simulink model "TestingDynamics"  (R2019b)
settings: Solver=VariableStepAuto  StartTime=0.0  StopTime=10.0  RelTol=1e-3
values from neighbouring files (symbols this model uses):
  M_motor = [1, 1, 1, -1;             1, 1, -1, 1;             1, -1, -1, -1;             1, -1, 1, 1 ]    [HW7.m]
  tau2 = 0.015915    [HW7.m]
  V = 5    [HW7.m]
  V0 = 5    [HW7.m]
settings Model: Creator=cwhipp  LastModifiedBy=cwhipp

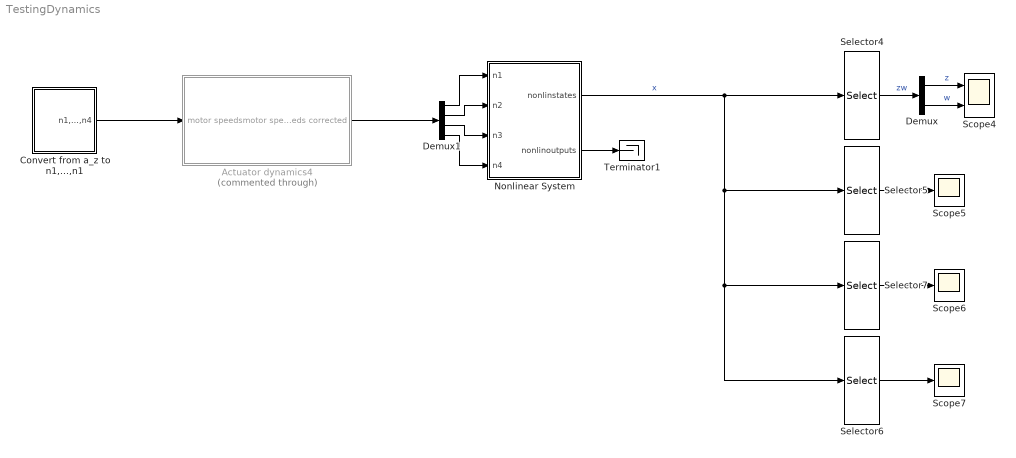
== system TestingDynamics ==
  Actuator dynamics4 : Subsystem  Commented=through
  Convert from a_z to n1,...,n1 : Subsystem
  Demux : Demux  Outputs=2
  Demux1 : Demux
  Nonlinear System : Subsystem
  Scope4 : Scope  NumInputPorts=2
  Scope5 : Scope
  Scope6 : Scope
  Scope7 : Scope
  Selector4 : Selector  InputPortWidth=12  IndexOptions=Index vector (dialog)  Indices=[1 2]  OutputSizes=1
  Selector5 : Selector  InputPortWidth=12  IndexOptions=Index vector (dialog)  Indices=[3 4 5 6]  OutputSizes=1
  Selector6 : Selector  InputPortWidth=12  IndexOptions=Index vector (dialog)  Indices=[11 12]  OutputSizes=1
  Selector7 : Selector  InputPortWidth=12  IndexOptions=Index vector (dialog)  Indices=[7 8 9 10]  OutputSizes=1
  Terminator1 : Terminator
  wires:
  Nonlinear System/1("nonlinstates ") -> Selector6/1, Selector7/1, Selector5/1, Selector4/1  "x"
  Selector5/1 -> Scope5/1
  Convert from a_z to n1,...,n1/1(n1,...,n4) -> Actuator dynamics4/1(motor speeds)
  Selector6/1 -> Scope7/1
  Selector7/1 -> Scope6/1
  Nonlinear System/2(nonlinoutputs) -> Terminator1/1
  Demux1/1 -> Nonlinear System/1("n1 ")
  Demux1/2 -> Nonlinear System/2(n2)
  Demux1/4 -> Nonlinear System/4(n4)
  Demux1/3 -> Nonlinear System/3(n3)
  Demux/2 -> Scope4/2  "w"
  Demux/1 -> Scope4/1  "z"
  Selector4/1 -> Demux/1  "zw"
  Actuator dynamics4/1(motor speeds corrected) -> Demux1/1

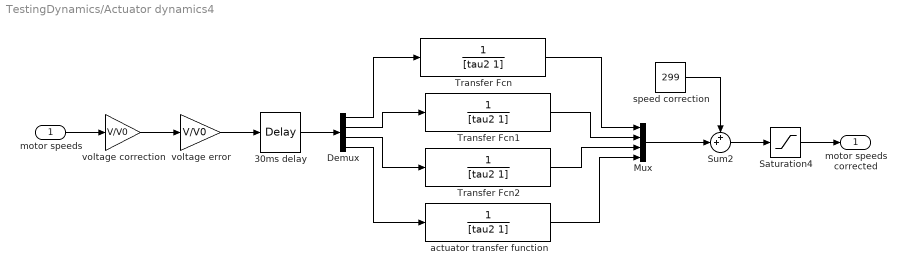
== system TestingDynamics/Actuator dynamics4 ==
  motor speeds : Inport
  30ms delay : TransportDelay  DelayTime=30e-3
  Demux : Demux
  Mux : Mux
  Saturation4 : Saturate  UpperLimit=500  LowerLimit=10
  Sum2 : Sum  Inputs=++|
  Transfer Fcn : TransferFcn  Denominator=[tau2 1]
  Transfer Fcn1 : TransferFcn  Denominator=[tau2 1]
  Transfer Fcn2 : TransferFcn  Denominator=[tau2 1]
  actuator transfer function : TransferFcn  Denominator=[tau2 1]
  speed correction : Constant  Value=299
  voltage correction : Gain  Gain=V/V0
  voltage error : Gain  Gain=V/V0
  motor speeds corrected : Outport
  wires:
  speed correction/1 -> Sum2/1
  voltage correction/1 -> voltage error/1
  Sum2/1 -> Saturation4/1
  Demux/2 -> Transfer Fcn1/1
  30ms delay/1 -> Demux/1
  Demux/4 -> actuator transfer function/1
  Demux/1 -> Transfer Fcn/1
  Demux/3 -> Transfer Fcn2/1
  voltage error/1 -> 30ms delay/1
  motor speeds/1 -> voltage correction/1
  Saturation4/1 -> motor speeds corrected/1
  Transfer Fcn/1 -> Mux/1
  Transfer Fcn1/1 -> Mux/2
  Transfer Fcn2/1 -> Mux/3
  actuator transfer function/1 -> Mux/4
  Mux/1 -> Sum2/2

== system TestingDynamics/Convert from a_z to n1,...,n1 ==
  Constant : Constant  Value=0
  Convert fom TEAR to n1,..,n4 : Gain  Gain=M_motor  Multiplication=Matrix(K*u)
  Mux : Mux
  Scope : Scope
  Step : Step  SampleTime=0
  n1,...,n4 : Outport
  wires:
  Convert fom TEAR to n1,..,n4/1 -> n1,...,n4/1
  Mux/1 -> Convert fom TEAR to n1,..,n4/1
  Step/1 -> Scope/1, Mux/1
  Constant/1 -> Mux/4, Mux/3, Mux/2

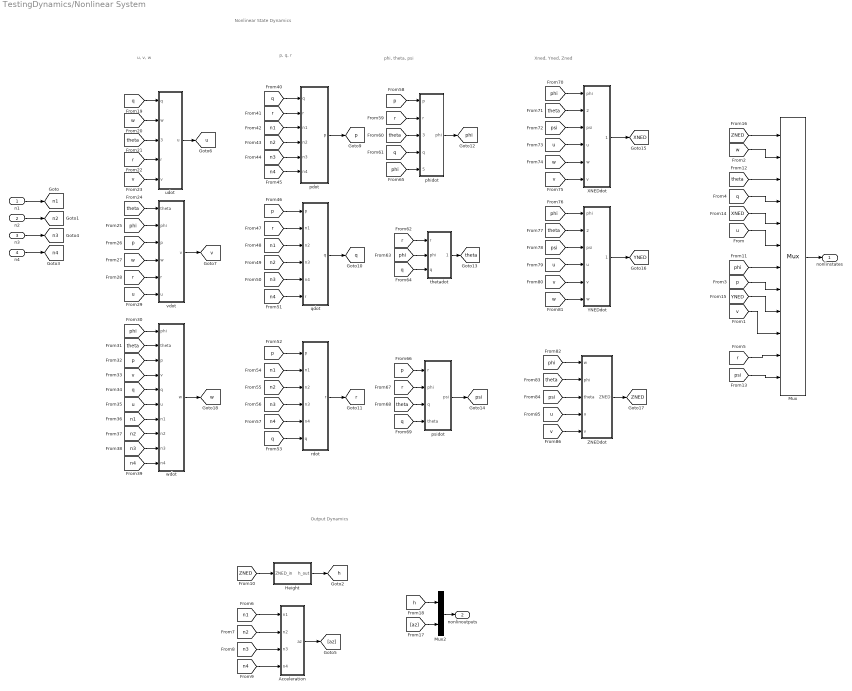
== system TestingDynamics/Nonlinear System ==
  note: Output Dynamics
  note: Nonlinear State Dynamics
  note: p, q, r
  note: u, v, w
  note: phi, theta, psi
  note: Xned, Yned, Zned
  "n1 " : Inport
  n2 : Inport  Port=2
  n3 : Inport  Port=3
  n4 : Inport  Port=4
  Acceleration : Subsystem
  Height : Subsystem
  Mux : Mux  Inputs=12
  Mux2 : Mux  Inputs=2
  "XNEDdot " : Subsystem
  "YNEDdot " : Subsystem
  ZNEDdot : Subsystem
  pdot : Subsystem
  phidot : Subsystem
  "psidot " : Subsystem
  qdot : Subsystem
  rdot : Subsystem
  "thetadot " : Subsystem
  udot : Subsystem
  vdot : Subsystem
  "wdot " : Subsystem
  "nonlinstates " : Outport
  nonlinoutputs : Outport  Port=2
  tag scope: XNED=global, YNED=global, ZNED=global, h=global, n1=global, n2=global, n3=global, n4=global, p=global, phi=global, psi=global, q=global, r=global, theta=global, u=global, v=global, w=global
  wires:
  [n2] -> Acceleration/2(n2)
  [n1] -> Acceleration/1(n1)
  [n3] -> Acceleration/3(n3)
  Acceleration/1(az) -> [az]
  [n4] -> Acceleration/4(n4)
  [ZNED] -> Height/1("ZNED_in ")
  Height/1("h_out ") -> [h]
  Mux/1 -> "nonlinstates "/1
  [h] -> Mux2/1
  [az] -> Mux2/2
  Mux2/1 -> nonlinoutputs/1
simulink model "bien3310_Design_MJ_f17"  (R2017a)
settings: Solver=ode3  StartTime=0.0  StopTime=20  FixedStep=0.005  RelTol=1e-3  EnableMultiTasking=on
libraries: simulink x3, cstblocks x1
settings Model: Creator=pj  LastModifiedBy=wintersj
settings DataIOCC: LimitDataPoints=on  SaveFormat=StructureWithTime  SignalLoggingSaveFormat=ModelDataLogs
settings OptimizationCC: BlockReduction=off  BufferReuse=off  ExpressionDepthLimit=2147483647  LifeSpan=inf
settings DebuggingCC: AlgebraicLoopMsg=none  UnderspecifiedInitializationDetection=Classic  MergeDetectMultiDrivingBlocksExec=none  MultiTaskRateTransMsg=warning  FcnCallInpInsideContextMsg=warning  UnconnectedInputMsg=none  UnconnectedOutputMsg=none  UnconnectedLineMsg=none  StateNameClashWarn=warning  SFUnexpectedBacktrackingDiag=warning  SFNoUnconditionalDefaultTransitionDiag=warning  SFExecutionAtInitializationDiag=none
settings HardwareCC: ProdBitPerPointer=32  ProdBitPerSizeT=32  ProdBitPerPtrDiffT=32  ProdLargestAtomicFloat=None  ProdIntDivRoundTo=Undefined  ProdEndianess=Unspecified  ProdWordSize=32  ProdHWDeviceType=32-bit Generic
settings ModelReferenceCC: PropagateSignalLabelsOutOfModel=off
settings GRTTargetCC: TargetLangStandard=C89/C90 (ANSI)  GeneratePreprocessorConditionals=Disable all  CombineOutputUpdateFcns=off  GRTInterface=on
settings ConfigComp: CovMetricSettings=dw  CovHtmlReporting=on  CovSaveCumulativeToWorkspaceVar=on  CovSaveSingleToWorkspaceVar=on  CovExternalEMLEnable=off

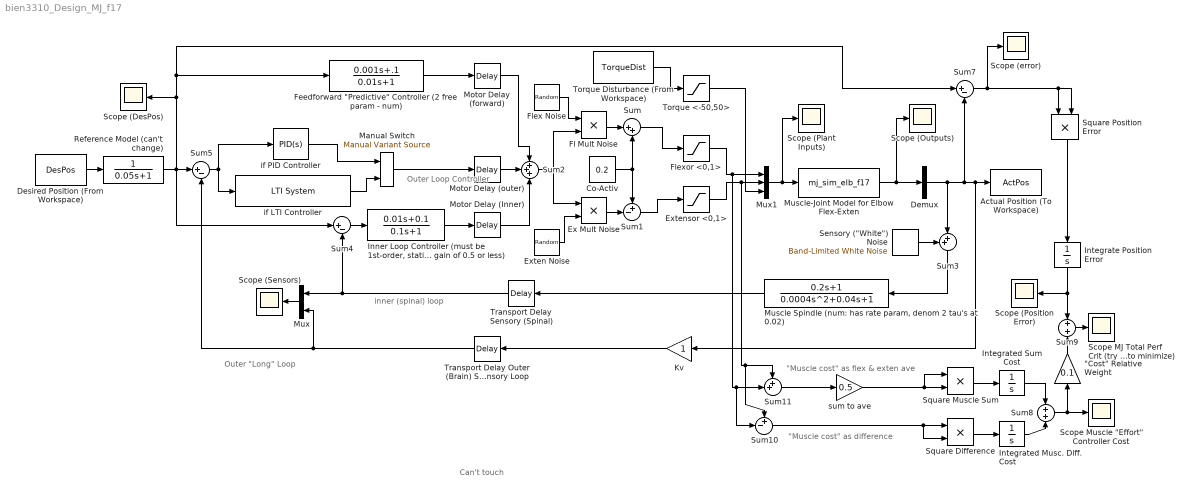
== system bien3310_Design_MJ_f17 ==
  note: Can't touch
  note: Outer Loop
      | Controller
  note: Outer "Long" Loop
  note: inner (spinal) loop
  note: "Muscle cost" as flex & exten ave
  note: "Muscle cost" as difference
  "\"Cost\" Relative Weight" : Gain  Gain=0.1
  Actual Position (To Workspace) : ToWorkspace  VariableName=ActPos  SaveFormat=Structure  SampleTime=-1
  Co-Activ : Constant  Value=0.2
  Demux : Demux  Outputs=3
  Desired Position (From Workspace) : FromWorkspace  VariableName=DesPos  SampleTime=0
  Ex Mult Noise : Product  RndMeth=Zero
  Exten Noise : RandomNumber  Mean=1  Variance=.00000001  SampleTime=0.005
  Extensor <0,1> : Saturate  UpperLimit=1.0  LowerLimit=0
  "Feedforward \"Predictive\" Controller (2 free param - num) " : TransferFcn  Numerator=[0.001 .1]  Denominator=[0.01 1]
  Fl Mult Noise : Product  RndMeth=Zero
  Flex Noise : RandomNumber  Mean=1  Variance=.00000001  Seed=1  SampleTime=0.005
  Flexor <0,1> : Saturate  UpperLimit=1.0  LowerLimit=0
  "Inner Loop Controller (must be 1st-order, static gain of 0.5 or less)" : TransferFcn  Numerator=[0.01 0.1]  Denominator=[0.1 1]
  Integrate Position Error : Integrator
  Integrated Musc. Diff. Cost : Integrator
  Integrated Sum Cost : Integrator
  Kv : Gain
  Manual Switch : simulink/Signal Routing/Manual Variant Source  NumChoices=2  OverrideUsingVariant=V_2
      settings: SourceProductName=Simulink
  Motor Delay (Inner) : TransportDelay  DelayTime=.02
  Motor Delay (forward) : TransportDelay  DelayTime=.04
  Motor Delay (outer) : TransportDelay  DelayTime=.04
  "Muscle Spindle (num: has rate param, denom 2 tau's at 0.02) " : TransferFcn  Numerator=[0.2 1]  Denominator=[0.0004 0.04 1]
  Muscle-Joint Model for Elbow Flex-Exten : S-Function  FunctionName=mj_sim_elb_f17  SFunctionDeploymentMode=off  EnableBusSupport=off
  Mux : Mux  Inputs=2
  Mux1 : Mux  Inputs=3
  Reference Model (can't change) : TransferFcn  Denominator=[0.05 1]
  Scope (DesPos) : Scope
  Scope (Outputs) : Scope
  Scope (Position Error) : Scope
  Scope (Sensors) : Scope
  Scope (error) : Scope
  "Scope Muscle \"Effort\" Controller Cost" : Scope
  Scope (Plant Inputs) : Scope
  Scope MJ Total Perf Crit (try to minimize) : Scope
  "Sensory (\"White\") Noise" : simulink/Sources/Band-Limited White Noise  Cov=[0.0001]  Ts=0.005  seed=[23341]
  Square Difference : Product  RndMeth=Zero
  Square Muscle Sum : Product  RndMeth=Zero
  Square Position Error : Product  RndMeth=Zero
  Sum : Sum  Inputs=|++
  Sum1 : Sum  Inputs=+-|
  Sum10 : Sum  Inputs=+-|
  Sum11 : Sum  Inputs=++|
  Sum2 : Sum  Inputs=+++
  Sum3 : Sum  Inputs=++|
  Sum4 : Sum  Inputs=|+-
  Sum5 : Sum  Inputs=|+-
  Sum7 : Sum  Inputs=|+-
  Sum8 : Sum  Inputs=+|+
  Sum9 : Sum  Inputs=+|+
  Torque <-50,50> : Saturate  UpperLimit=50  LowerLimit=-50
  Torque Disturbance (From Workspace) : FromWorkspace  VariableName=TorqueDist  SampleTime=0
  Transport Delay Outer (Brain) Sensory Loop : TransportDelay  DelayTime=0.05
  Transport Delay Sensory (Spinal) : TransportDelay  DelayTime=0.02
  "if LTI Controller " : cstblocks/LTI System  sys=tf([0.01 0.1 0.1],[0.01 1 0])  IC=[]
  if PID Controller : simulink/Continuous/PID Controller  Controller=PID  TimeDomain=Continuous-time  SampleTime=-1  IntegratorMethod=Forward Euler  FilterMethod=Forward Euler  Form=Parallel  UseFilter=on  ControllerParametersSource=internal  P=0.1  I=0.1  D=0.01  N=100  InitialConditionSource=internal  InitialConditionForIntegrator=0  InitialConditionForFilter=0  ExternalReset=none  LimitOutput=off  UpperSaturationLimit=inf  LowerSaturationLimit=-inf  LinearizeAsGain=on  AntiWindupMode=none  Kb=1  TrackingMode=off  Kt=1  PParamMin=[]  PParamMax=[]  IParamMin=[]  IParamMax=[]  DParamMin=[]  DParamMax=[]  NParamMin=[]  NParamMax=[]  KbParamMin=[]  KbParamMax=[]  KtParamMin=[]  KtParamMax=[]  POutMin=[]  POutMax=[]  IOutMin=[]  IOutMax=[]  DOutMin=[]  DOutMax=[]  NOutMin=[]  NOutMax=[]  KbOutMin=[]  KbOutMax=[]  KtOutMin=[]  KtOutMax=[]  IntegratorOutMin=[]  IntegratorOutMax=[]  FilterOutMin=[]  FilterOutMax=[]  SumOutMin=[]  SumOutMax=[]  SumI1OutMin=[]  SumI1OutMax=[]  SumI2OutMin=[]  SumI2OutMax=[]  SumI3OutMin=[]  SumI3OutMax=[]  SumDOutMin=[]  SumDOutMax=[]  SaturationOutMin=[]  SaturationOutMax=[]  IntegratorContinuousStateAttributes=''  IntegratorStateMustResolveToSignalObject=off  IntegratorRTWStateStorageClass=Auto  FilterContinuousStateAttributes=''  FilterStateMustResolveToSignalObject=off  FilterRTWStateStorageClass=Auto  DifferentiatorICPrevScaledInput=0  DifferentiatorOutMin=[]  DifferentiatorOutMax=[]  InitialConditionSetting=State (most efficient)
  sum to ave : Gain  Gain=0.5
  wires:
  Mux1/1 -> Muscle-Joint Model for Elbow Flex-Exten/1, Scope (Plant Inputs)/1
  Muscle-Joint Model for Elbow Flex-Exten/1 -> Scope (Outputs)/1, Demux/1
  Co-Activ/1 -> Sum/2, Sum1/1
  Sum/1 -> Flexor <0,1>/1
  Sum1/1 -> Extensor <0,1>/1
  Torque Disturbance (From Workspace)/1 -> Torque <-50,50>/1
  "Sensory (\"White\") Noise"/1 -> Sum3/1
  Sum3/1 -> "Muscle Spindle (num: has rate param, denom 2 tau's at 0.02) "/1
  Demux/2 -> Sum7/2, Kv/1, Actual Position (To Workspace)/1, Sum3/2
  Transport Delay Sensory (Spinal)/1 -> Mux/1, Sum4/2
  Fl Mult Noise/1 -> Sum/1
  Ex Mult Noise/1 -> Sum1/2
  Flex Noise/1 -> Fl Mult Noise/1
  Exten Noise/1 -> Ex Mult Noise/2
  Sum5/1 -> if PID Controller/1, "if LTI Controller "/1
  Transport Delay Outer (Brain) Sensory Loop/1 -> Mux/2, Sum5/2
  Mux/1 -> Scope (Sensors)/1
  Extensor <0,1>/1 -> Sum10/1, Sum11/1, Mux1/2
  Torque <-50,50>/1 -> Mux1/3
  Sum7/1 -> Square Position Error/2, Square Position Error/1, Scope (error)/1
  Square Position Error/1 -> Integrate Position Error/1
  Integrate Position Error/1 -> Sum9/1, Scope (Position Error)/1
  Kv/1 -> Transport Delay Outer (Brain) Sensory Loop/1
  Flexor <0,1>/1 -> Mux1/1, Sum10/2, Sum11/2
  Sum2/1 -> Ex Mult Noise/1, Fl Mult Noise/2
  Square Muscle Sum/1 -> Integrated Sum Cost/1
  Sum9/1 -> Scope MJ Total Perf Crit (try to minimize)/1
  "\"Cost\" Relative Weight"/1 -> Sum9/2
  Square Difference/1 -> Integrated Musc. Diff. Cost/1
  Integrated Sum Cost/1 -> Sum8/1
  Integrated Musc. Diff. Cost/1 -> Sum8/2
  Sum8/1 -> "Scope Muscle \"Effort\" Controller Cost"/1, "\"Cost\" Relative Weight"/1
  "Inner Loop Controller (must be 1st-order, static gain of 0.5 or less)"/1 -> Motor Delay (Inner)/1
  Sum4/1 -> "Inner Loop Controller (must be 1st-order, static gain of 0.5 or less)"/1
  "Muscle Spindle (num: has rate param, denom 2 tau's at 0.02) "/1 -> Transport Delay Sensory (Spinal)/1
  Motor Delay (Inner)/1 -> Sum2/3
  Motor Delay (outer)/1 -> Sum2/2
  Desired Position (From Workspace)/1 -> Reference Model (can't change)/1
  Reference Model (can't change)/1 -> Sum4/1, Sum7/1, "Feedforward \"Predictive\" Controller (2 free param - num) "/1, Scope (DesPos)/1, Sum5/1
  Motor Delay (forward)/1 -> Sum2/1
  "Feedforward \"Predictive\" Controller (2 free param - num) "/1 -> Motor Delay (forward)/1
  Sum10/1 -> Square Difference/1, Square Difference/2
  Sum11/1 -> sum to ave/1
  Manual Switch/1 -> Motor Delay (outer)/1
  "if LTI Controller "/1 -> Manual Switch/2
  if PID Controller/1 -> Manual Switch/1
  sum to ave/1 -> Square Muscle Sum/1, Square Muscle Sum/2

→ **What this task involves**
Taking the lines above, repeat exactly those from the line that contains "Flex Noise : RandomNumber" through the line that contains "Square Position Error : Product", and both of those lines as well. Include nothing else.

→ **Answer**
  Flex Noise : RandomNumber  Mean=1  Variance=.00000001  Seed=1  SampleTime=0.005
  Flexor <0,1> : Saturate  UpperLimit=1.0  LowerLimit=0
  "Inner Loop Controller (must be 1st-order, static gain of 0.5 or less)" : TransferFcn  Numerator=[0.01 0.1]  Denominator=[0.1 1]
  Integrate Position Error : Integrator
  Integrated Musc. Diff. Cost : Integrator
  Integrated Sum Cost : Integrator
  Kv : Gain
  Manual Switch : simulink/Signal Routing/Manual Variant Source  NumChoices=2  OverrideUsingVariant=V_2
      settings: SourceProductName=Simulink
  Motor Delay (Inner) : TransportDelay  DelayTime=.02
  Motor Delay (forward) : TransportDelay  DelayTime=.04
  Motor Delay (outer) : TransportDelay  DelayTime=.04
  "Muscle Spindle (num: has rate param, denom 2 tau's at 0.02) " : TransferFcn  Numerator=[0.2 1]  Denominator=[0.0004 0.04 1]
  Muscle-Joint Model for Elbow Flex-Exten : S-Function  FunctionName=mj_sim_elb_f17  SFunctionDeploymentMode=off  EnableBusSupport=off
  Mux : Mux  Inputs=2
  Mux1 : Mux  Inputs=3
  Reference Model (can't change) : TransferFcn  Denominator=[0.05 1]
  Scope (DesPos) : Scope
  Scope (Outputs) : Scope
  Scope (Position Error) : Scope
  Scope (Sensors) : Scope
  Scope (error) : Scope
  "Scope Muscle \"Effort\" Controller Cost" : Scope
  Scope (Plant Inputs) : Scope
  Scope MJ Total Perf Crit (try to minimize) : Scope
  "Sensory (\"White\") Noise" : simulink/Sources/Band-Limited White Noise  Cov=[0.0001]  Ts=0.005  seed=[23341]
  Square Difference : Product  RndMeth=Zero
  Square Muscle Sum : Product  RndMeth=Zero
  Square Position Error : Product  RndMeth=Zero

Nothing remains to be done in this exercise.